# Asking for opinion about CZ pistols



## Ooh-Rah (Dec 18, 2015)

Currently carry M&P Shield in .40 and want to go 9mm. Considering CZ P07 or 75D-PCR. 

Thoughts?


----------



## busdriver (Dec 18, 2015)

I have a P-09, very accurate pistol.  I'm completely incapable of leaving them alone, so I don't really remember what the stock trigger pull was like but a nice trigger job is a very easy DIY project.  Stock sights are pretty awful three dot affairs with glow in the dark paint, but no worse than stock Glock sights.  Dawson Precision makes very nice sights.

Down side is the trigger return spring on CZs.  They have a tendency to break, so if you go that route you'll want to add replacements into a periodic mx schedule.  Mine broke around 5k rounds, but I dry fire a lot, and was taking the spring out a lot screwing around with the trigger.


----------



## Ooh-Rah (Dec 19, 2015)

Thanks for the feedback, thinking I will pick up the PCR today.  Enjoyed reading this review on it too...

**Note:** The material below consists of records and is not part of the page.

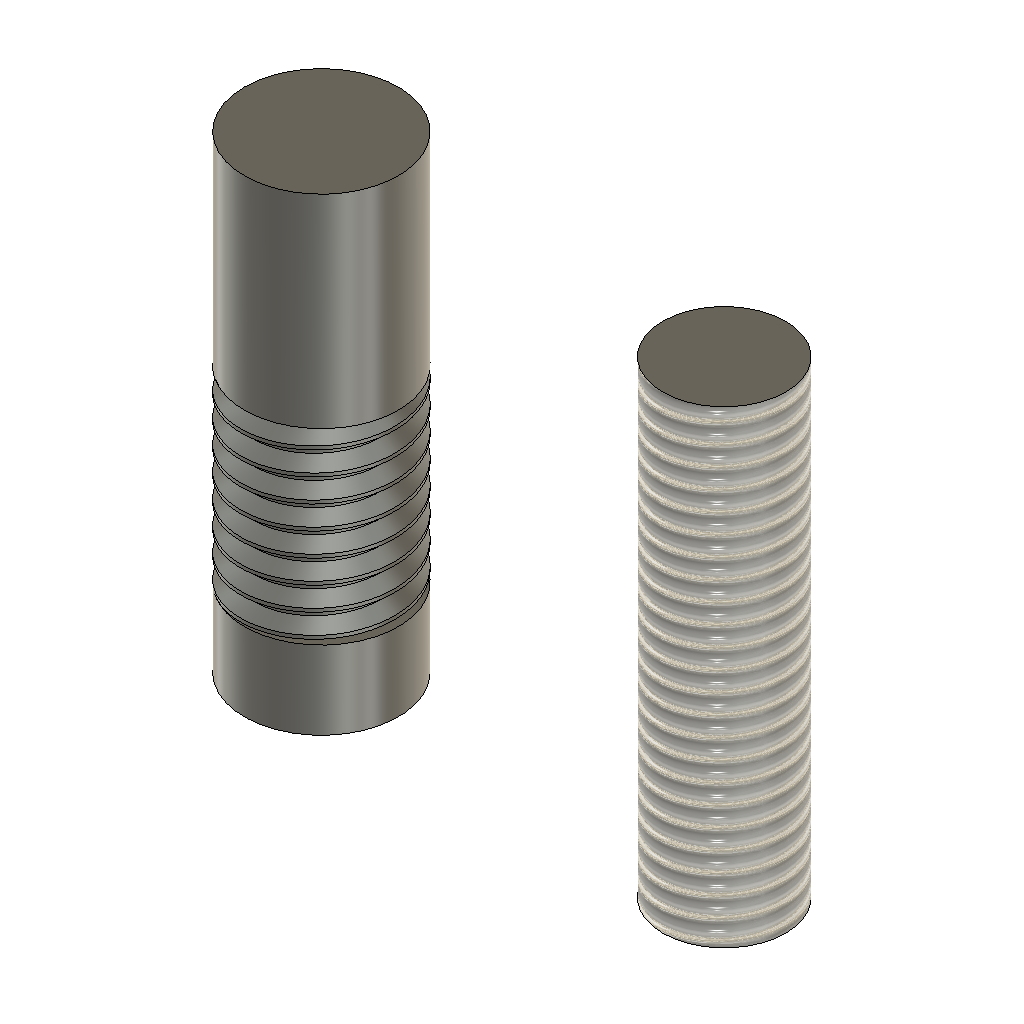
f2sc-test-threads (Autodesk Fusion 360 design; units mm, degrees)
part number: 2026-11-27-14-20-11-595
Autodesk Fusion 360 part; units mm, degrees
sketch "Sketch1" plane through (0, 0, 0) normal (0, 0, 1) x (1, 0, 0)
  circle A0 centre (0, 0) radius 5
  circle A1 centre (25.3874, 0.4051) radius 4
  dimension "d1" = 10
  dimension "d2" = 8
  constraint coincident A0.centre origin
  measures "d1" diameter of A0
  measures "d2" diameter of A1
extrude "Extrude1" add sketch "Sketch1" along normal blind 30 makes body 1 at (4.9752, -0.4978, 20) makes body 2 at (29.3675, 0.0068, 20)
thread "Thread1" "ISO Metric profile 10.0 M10x1.5 M10x1.5 6g" major diameter 9.85 minor diameter 8.141 pitch 1.5 angle 60 modelled right hand crest width 0.2177 on face at (4.9752, -0.4978, 20) from (0, 0, 5) to (0, 0, 17) crest through (4.925, 0, -0.375) on bodies 1
thread "Thread2" "ISO Metric profile 8.0 M8x1.25 M8x1.25 6g" major diameter 7.866 minor diameter 6.4455 pitch 1.25 angle 60 resizes the face on face at (29.3675, 0.0068, 20) on bodies 2

http://arnzenarms.com/reviews/...-joe/cz-75-d-pcr-9mm

Now I just have to learn how to break it down, appears to come apart differently than my Sigs or M&P's.

Then I need to add new grips, night sights, trigger...$$$


----------



## busdriver (Dec 19, 2015)

Didn't realize the PCR is just a compact alloy frame 75, may need to get another CZ!  I have a full sized Shadow as well, the 75 trigger is really, really nice once it's all tuned up.

Checkout Cajun Gun Works (best customer service of any company, ever) and CZ Custom (not actually affiliated with CZ-USA, but another great company).  Be careful, 75's are every bit as customizable as 1911s; thankfully it usually costs less and is easier to do yourself.

Don't go full retard on the trigger job right off the bat, unless you're like me and know full well that's what you're going to do anyway.  Otherwise, the short reset kit for 60 bucks and an hour or two with some 800 and 1200 grit sandpaper will give you a bad-ass trigger.  This thread over at benos (CZ Tuning 101 with Professor Atlas - CZ) is a solid reference.  

In any event, welcome to the world of CZ!  I have three, and now maybe soon a fourth.     Who am I kidding, alloy compact 75 sounds awesome.


----------



## Ooh-Rah (Dec 19, 2015)

I'll post up a pic of the basic model after I give it a range test this afternoon.  He also had a completely tricked out version for $1700...will snap a pic if he'll let me.


----------



## Diamondback 2/2 (Dec 19, 2015)

Well shit, I was all about buying a new Glock 19 in Jan/Feb, but now I'm liking the looks and reviews of that CZ P-09.


----------



## busdriver (Dec 19, 2015)

The P-09 is a little bigger than a Glock 17.  The grip is noticeably thinner however, and has a more "normal" angle.  The 19 round capacity is BS; you can squeeze that many in, but good luck reliably reloading it that way without slamming the mag home. 

Mine will shoot 1 inch groups at 25yds with the load it likes.  It's a very soft, flat shooting pistol.


----------



## Ooh-Rah (Dec 20, 2015)

Went with the PCR. Breakdown was surprisingly easy, and it felt good (on many levels) to be shooting a 9mm again. Great grouping at the range, though it was pulling left. Likely user error and lack of practice, than any issues with the gun. Very happy.

Already replaced the stock grips with a set of Compact Thin Aluminum Grips. Less bulk in the carry holster, and the sand paper like substance keeps that sucker tight in your hand. Night sights are next, then start playing with the trigger and hammer.


----------



## busdriver (Dec 20, 2015)

Grip tape works good on the front strap too.

Great looking pistol.


----------



## xGenoSiide (Dec 29, 2015)

Just going to throw this out there for those looking. While they don't have a huge selection, some of the deals are pretty good, especially todays deal.

www.cdnnsports.com

I have bought a couple guns off of them and their delivery is pretty quick.  Side note, just picked up a full size Sig p320 in 9mm for USPSA and I love that damn thing. Highly recommend.


----------